▶ [Records drawn from a dataset]:

--- START ---

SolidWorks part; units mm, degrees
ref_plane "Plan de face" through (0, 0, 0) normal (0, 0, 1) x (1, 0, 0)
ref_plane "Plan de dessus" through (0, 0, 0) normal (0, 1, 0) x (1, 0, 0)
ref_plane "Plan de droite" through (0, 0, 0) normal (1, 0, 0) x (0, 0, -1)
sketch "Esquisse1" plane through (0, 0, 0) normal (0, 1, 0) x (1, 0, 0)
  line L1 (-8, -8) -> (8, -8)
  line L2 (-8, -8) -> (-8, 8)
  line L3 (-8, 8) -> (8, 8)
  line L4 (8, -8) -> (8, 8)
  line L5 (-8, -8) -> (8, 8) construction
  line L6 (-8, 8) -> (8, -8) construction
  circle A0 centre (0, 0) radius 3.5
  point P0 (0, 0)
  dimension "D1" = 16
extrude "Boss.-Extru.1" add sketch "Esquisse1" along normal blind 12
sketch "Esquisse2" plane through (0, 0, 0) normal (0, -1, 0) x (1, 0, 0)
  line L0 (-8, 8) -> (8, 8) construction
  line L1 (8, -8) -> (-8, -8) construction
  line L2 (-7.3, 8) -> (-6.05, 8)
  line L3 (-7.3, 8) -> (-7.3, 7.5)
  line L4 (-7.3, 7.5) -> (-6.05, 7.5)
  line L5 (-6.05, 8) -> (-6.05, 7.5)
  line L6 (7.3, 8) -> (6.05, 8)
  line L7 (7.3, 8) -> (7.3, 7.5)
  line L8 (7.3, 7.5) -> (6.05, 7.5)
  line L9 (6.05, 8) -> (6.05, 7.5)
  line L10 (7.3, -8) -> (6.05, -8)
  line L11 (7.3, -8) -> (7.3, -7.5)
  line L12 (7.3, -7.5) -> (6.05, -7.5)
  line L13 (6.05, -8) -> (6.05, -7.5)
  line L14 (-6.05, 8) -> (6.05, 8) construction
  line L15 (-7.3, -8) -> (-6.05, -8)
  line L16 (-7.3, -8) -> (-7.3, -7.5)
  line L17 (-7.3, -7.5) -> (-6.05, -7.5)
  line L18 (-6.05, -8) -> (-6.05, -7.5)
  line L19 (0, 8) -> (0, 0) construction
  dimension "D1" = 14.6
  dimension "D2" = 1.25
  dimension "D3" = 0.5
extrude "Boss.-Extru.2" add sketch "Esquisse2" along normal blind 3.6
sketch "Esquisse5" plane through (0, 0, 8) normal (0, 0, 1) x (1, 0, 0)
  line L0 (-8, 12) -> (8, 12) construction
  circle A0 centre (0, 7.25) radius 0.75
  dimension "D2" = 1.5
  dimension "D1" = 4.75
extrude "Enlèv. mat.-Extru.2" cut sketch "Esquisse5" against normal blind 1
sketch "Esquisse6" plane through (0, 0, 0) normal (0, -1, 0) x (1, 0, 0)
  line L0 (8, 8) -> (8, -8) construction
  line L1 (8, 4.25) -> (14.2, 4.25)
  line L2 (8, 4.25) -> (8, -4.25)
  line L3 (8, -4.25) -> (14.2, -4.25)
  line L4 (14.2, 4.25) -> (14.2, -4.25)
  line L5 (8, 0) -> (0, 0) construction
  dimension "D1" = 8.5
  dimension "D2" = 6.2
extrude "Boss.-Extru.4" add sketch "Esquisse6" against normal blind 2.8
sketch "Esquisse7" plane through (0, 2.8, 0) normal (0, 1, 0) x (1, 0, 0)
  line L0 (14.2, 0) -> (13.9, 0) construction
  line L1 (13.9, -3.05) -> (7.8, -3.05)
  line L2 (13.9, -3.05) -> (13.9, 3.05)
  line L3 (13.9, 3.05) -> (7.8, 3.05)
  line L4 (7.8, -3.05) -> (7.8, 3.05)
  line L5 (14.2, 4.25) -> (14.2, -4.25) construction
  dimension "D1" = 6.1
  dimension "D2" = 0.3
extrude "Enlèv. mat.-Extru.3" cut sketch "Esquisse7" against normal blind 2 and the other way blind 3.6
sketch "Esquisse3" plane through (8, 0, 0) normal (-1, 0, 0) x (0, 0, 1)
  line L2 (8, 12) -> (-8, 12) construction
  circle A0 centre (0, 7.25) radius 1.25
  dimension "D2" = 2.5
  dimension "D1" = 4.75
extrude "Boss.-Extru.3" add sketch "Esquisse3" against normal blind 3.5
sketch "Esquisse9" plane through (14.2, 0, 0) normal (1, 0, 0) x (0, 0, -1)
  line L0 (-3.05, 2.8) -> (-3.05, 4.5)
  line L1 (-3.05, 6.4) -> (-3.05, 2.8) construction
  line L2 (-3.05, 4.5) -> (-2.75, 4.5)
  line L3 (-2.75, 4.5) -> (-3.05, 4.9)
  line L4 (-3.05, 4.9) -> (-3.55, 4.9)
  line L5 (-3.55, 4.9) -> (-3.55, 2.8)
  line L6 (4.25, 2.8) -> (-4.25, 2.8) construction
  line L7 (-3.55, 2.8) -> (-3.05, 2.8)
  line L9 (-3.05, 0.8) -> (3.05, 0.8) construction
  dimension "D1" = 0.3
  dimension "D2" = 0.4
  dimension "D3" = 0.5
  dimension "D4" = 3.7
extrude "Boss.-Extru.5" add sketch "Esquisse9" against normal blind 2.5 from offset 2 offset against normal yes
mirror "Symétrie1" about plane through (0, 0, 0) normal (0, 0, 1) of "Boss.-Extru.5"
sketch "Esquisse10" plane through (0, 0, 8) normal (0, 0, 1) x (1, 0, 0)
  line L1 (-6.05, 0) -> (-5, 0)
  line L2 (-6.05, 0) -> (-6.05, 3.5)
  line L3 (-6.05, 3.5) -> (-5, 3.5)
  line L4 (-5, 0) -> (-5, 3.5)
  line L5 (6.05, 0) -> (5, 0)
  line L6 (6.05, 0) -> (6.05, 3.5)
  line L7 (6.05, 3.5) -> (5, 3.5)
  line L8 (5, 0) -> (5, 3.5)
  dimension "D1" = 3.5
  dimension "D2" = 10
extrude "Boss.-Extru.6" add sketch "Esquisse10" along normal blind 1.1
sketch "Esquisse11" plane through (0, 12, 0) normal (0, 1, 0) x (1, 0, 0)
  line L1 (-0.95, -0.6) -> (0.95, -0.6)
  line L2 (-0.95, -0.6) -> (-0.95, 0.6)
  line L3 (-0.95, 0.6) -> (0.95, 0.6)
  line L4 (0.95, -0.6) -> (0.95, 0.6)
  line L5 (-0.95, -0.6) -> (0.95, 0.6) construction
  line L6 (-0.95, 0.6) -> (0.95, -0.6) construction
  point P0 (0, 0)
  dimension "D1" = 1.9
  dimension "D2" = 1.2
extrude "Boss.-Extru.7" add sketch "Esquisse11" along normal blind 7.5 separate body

--- END ---

▶ [TASK TO CARRY OUT]:
Please find every line in the records that contains the word "centre", and copy it out.

▶ [EXPECTED ANSWER]:
  circle A0 centre (0, 0) radius 3.5
  circle A0 centre (0, 7.25) radius 0.75
  circle A0 centre (0, 7.25) radius 1.25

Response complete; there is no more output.